*DATA FOR ANALYSIS*:
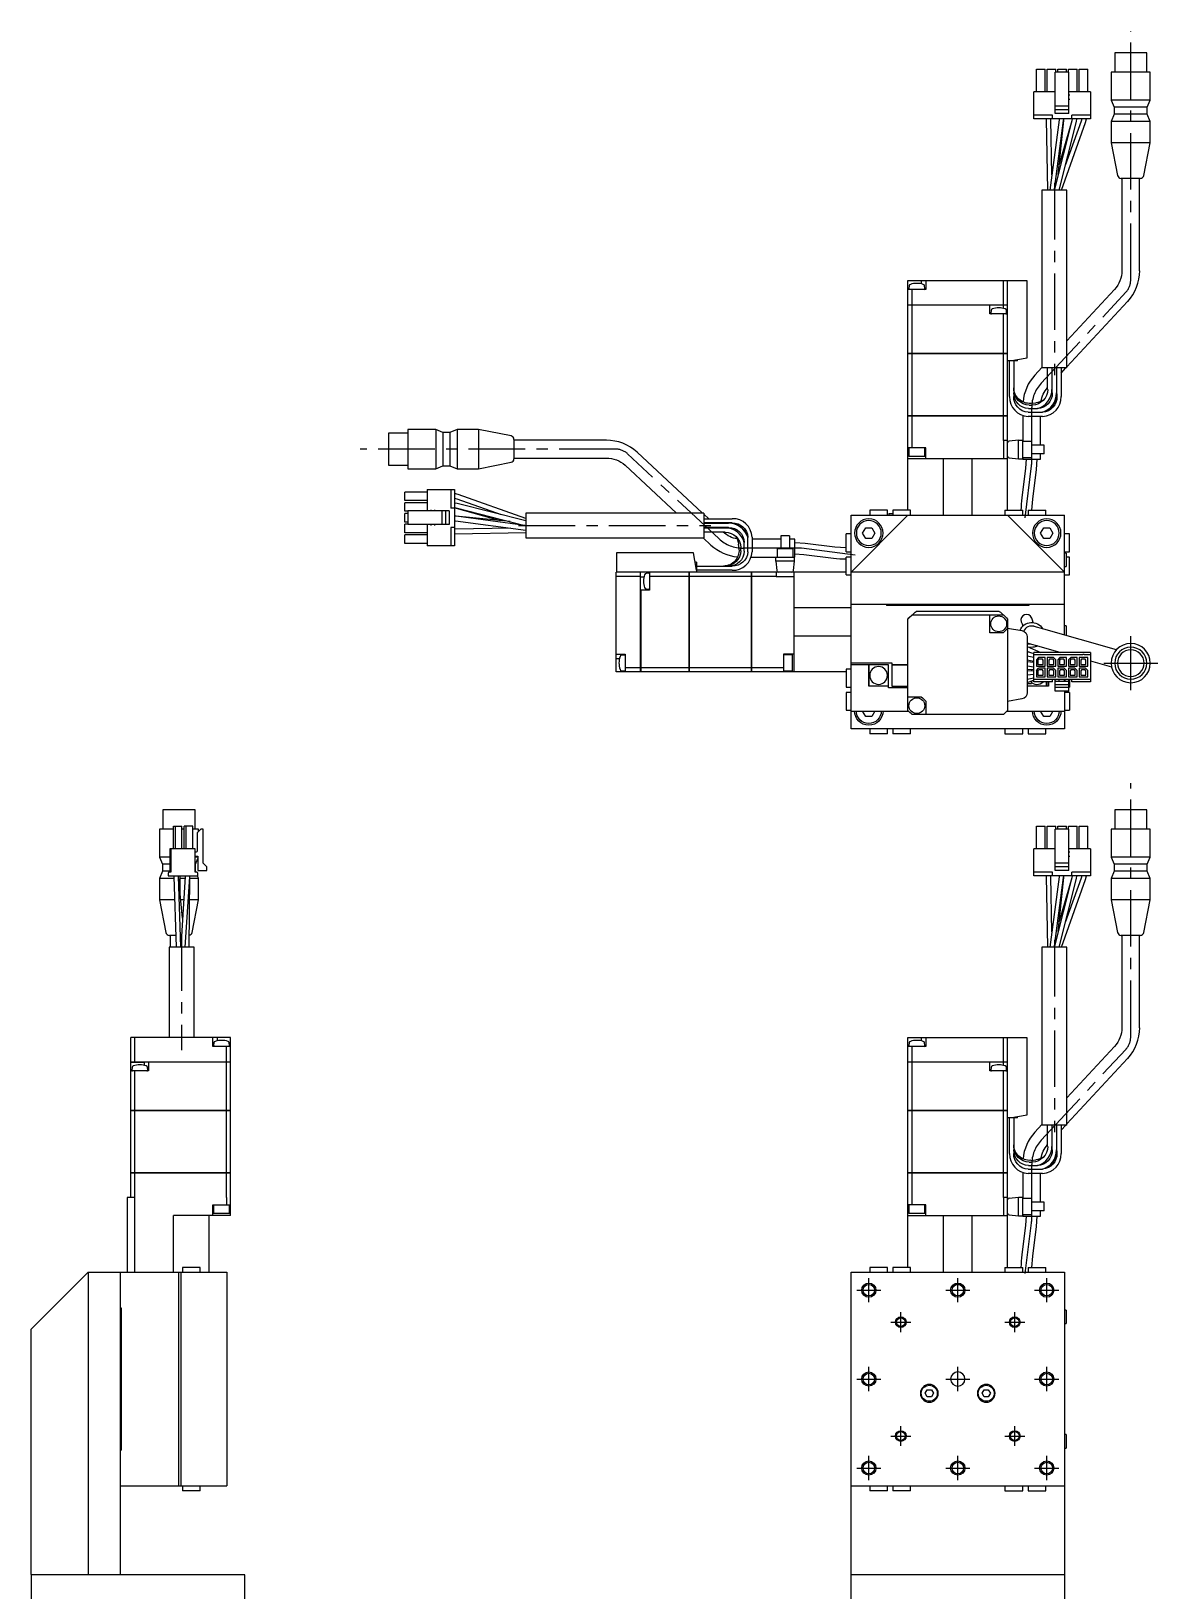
# Model space of a CAD drawing. Extents: x 0 to 909, y -8 to 725.
# Drawn here: x 130 to 446.6, y 286.5 to 724.8 of the extents above; entities that cross this region are included whole.
import ezdxf

# ---------------------------------------------------------------- set-up
doc = ezdxf.new("R2010")
doc.units = 0
doc.header["$LTSCALE"] = 0.5
doc.linetypes.add('CENTER', pattern=[50.8, 31.75, -6.35, 6.35, -6.35])
for name, color, linetype in [('MSM_CENTER', 1, 'CENTER'), ('MSM_CONTINUOUS', 7, 'CONTINUOUS'), ('MSM_NARROW', 5, 'CONTINUOUS')]:
    doc.layers.add(name, color=color, linetype=linetype)

msp = doc.modelspace()

# ---------------------------------------------------------------- linework, layer by layer
at = {"layer": 'MSM_CENTER'}
for p, q in [((438.95, 654.89), (438.95, 724.78)), ((417.5, 682.13), (417.5, 628.13)), ((413.8, 625.85), (437.62, 651.49)), ((411.12, 603.29), (411.12, 619.05)), ((294.19, 607.33), (222.4, 607.33)), ((323.22, 582.17), (297.59, 605.99)), ((409.26, 588.05), (411.08, 602.67)), ((266.95, 585.88), (320.95, 585.88)), ((345.79, 579.5), (330.03, 579.5)), ((361.48, 577.57), (346.41, 579.46)), ((438.95, 539.59), (438.95, 554.79)), ((431.35, 547.19), (446.55, 547.19)), ((438.95, 442.15), (438.95, 513.49)), ((172.27, 470.93), (172.27, 438.45)), ((417.5, 469.39), (417.5, 415.39)), ((413.8, 413.12), (437.62, 438.75)), ((411.12, 390.55), (411.12, 406.31)), ((409.3, 375.69), (411.08, 389.93)), ((365.35, 367.59), (365.35, 374.39)), ((390.35, 367.59), (390.35, 374.39)), ((415.35, 367.59), (415.35, 374.39)), ((361.95, 370.99), (368.75, 370.99)), ((386.95, 370.99), (393.75, 370.99)), ((411.95, 370.99), (418.75, 370.99)), ((374.35, 359.19), (374.35, 364.79)), ((406.35, 359.19), (406.35, 364.79)), ((371.55, 361.99), (377.15, 361.99)), ((403.55, 361.99), (409.15, 361.99)), ((365.35, 342.59), (365.35, 349.39)), ((390.35, 342.59), (390.35, 349.39)), ((415.35, 342.59), (415.35, 349.39)), ((361.95, 345.99), (368.75, 345.99)), ((386.95, 345.99), (393.75, 345.99)), ((411.95, 345.99), (418.75, 345.99)), ((371.55, 329.99), (377.15, 329.99)), ((374.35, 327.19), (374.35, 332.79)), ((403.55, 329.99), (409.15, 329.99)), ((406.35, 327.19), (406.35, 332.79)), ((365.35, 317.59), (365.35, 324.39)), ((390.35, 317.59), (390.35, 324.39)), ((415.35, 317.59), (415.35, 324.39)), ((361.95, 320.99), (368.75, 320.99)), ((386.95, 320.99), (393.75, 320.99)), ((411.95, 320.99), (418.75, 320.99))]:
    msp.add_line(p, q, dxfattribs=at)
for centre, radius, start, end in [((433.95, 654.89), 5, 317.1016, 0), ((421.12, 619.05), 10, 137.1016, 180), ((294.19, 602.33), 5, 47.1016, 90), ((406.12, 603.29), 5, 352.8675, 0), ((330.03, 589.5), 10, 227.1016, 270), ((345.79, 574.5), 5, 82.8675, 90), ((433.95, 442.15), 5, 317.1016, 0), ((421.12, 406.31), 10, 137.1016, 180), ((406.12, 390.55), 5, 352.8675, 0)]:
    msp.add_arc(centre, radius, start, end, dxfattribs=at)
at = {"layer": 'MSM_CONTINUOUS'}
for p, q in [((443.45, 718.73), (434.45, 718.73)), ((434.45, 718.73), (434.45, 713.23)), ((443.45, 713.23), (443.45, 718.73)), ((412.47, 707.78), (412.47, 714.13)), ((412.47, 714.13), (414.87, 714.13)), ((414.87, 707.78), (414.87, 714.13)), ((415.47, 707.78), (415.47, 714.13)), ((415.47, 714.13), (417.87, 714.13)), ((417.74, 701.68), (417.74, 713.24)), ((421.6, 713.24), (417.74, 713.24)), ((417.87, 713.24), (417.87, 714.13)), ((418.47, 713.24), (418.47, 714.13)), ((418.47, 714.13), (420.87, 714.13)), ((420.87, 713.24), (420.87, 714.13)), ((421.47, 713.24), (421.47, 714.13)), ((421.47, 714.13), (423.87, 714.13)), ((421.6, 701.68), (421.6, 713.24)), ((423.87, 707.78), (423.87, 714.13)), ((424.47, 707.78), (424.47, 714.13)), ((424.47, 714.13), (426.87, 714.13)), ((426.87, 707.78), (426.87, 714.13)), ((444.45, 713.23), (433.45, 713.23)), ((433.45, 713.23), (433.45, 705.43)), ((444.45, 705.43), (444.45, 713.23)), ((411.75, 700.13), (411.75, 707.78)), ((417.74, 707.78), (411.75, 707.78)), ((417.74, 706.83), (417.49, 706.83)), ((417.49, 705.68), (417.74, 705.68)), ((427.6, 707.78), (421.6, 707.78)), ((421.85, 706.83), (421.6, 706.83)), ((421.6, 705.68), (421.85, 705.68)), ((427.6, 707.78), (427.6, 700.13)), ((421.6, 703.7), (417.74, 703.7)), ((421.6, 702.68), (417.74, 702.68)), ((421.6, 701.68), (417.74, 701.68)), ((444.45, 705.43), (433.45, 705.43)), ((433.45, 705.43), (434.3, 703.43)), ((434.3, 701.43), (433.45, 699.43)), ((443.6, 703.43), (434.3, 703.43)), ((434.3, 703.43), (434.3, 701.43)), ((443.6, 701.43), (434.3, 701.43)), ((443.6, 703.43), (444.45, 705.43)), ((443.6, 701.43), (443.6, 703.43)), ((444.45, 699.43), (443.6, 701.43)), ((416.94, 701.15), (411.75, 701.15)), ((427.6, 700.13), (411.75, 700.13)), ((415.15, 700.13), (415.16, 699.95)), ((415.15, 700.13), (415.15, 700.02)), ((415.15, 700.02), (415.55, 680.13)), ((418.81, 699.88), (416.2, 680.13)), ((416.46, 699.97), (416.45, 700.13)), ((416.77, 684.43), (416.46, 699.97)), ((416.94, 700.13), (416.94, 701.15)), ((417.54, 680.34), (420.1, 699.71)), ((422.42, 699.68), (417.54, 680.34)), ((418.6, 684.54), (420.12, 699.72)), ((418.84, 700.13), (418.81, 699.88)), ((418.82, 680.13), (423.68, 699.36)), ((422.39, 699.63), (418.87, 687.31)), ((419.49, 680.13), (426.23, 699.09)), ((420.1, 699.71), (420.14, 700.13)), ((420.12, 699.72), (420.14, 700.13)), ((425, 699.53), (420.57, 687.05)), ((422.5, 700.13), (422.39, 699.63)), ((422.4, 700.13), (422.4, 701.15)), ((427.6, 701.15), (422.4, 701.15)), ((422.51, 700.13), (422.42, 699.68)), ((423.68, 699.36), (423.82, 700.13)), ((425.17, 700.13), (425, 699.52)), ((426.22, 699.09), (426.49, 700.13)), ((426.23, 699.09), (426.49, 700.13)), ((444.45, 699.43), (433.45, 699.43)), ((433.45, 699.43), (433.45, 693.43)), ((444.45, 693.43), (444.45, 699.43)), ((444.45, 693.43), (433.45, 693.43)), ((433.45, 693.43), (435.26, 684.23)), ((442.65, 684.23), (444.45, 693.43)), ((421, 680.13), (414, 680.13)), ((414, 680.13), (414, 630.13)), ((417.54, 680.34), (417.5, 680.13)), ((421, 630.13), (421, 680.13)), ((441.66, 683.43), (436.24, 683.43)), ((436.45, 683.43), (436.45, 657.47)), ((441.45, 657.47), (441.45, 683.43)), ((376.35, 647.84), (376.35, 654.73)), ((376.35, 654.73), (404.35, 654.73)), ((376.69, 653.2), (376.62, 652.43)), ((380.1, 654.73), (380.1, 653.78)), ((381.08, 652.43), (381.02, 653.2)), ((381.35, 654.73), (381.35, 652.23)), ((403.2, 647.84), (403.2, 654.73)), ((404.35, 616.73), (404.35, 654.73)), ((409.85, 654.63), (404.35, 654.63)), ((409.85, 632.99), (409.85, 654.63)), ((381.35, 652.23), (376.35, 652.23)), ((377.51, 647.84), (377.51, 652.23)), ((434.42, 652.22), (421, 637.78)), ((421, 630.44), (438.08, 648.82)), ((376.35, 647.84), (404.35, 647.84)), ((376.35, 634.23), (376.35, 647.83)), ((399.35, 647.83), (376.35, 647.83)), ((377.51, 634.23), (377.51, 647.83)), ((399.35, 645.33), (399.35, 647.83)), ((404.35, 645.33), (399.35, 645.33)), ((399.69, 646.31), (399.62, 645.54)), ((403.1, 647.83), (403.1, 646.89)), ((403.2, 634.23), (403.2, 645.33)), ((404.08, 645.54), (404.02, 646.31)), ((404.35, 647.83), (404.34, 647.83)), ((376.35, 634.23), (404.35, 634.23)), ((376.35, 616.73), (376.35, 634.22)), ((404.35, 634.22), (376.35, 634.22)), ((376.36, 634.23), (376.36, 634.22)), ((377.51, 634.23), (377.51, 634.22)), ((377.51, 616.73), (377.51, 634.22)), ((403.2, 634.23), (403.2, 634.22)), ((403.2, 616.73), (403.2, 634.22)), ((404.34, 634.23), (404.34, 634.22)), ((407.15, 632.13), (404.35, 632.13)), ((404.9, 622.13), (404.9, 632.13)), ((404.95, 632.13), (409.85, 632.99)), ((406.1, 632.13), (406.1, 622.13)), ((407.15, 632.13), (407.15, 632.51)), ((414, 630.25), (411.99, 628.08)), ((421, 630.13), (414, 630.13)), ((415.6, 624.13), (415.6, 630.13)), ((416.8, 630.13), (416.8, 623.13)), ((416.9, 623.13), (416.9, 630.13)), ((418.1, 630.13), (418.1, 623.13)), ((418.2, 622.13), (418.2, 630.13)), ((419.4, 628.71), (420.71, 630.13)), ((419.4, 630.13), (419.4, 622.13)), ((406.1, 624.61), (406.11, 624.37)), ((416.75, 622.41), (416.74, 622.39)), ((416.74, 622.39), (416.75, 622.41)), ((416.75, 622.41), (416.9, 623.63)), ((416.8, 623.13), (416.75, 622.41)), ((410.26, 618.73), (412.74, 618.73)), ((410.41, 619.73), (411.29, 619.73)), ((410.87, 620.2), (412.25, 620.32)), ((376.35, 616.73), (404.35, 616.73)), ((404.35, 616.72), (376.35, 616.72)), ((376.35, 590.13), (376.35, 616.72)), ((376.36, 616.73), (376.36, 616.72)), ((377.51, 616.73), (377.51, 616.72)), ((377.51, 609.73), (377.51, 616.72)), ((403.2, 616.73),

*THE TASK*: Using the records above, gather all lines where the string "name" is present.

*ANSWER SECTION*:
for name, color, linetype in [('MSM_CENTER', 1, 'CENTER'), ('MSM_CONTINUOUS', 7, 'CONTINUOUS'), ('MSM_NARROW', 5, 'CONTINUOUS')]:
    doc.layers.add(name, color=color, linetype=linetype)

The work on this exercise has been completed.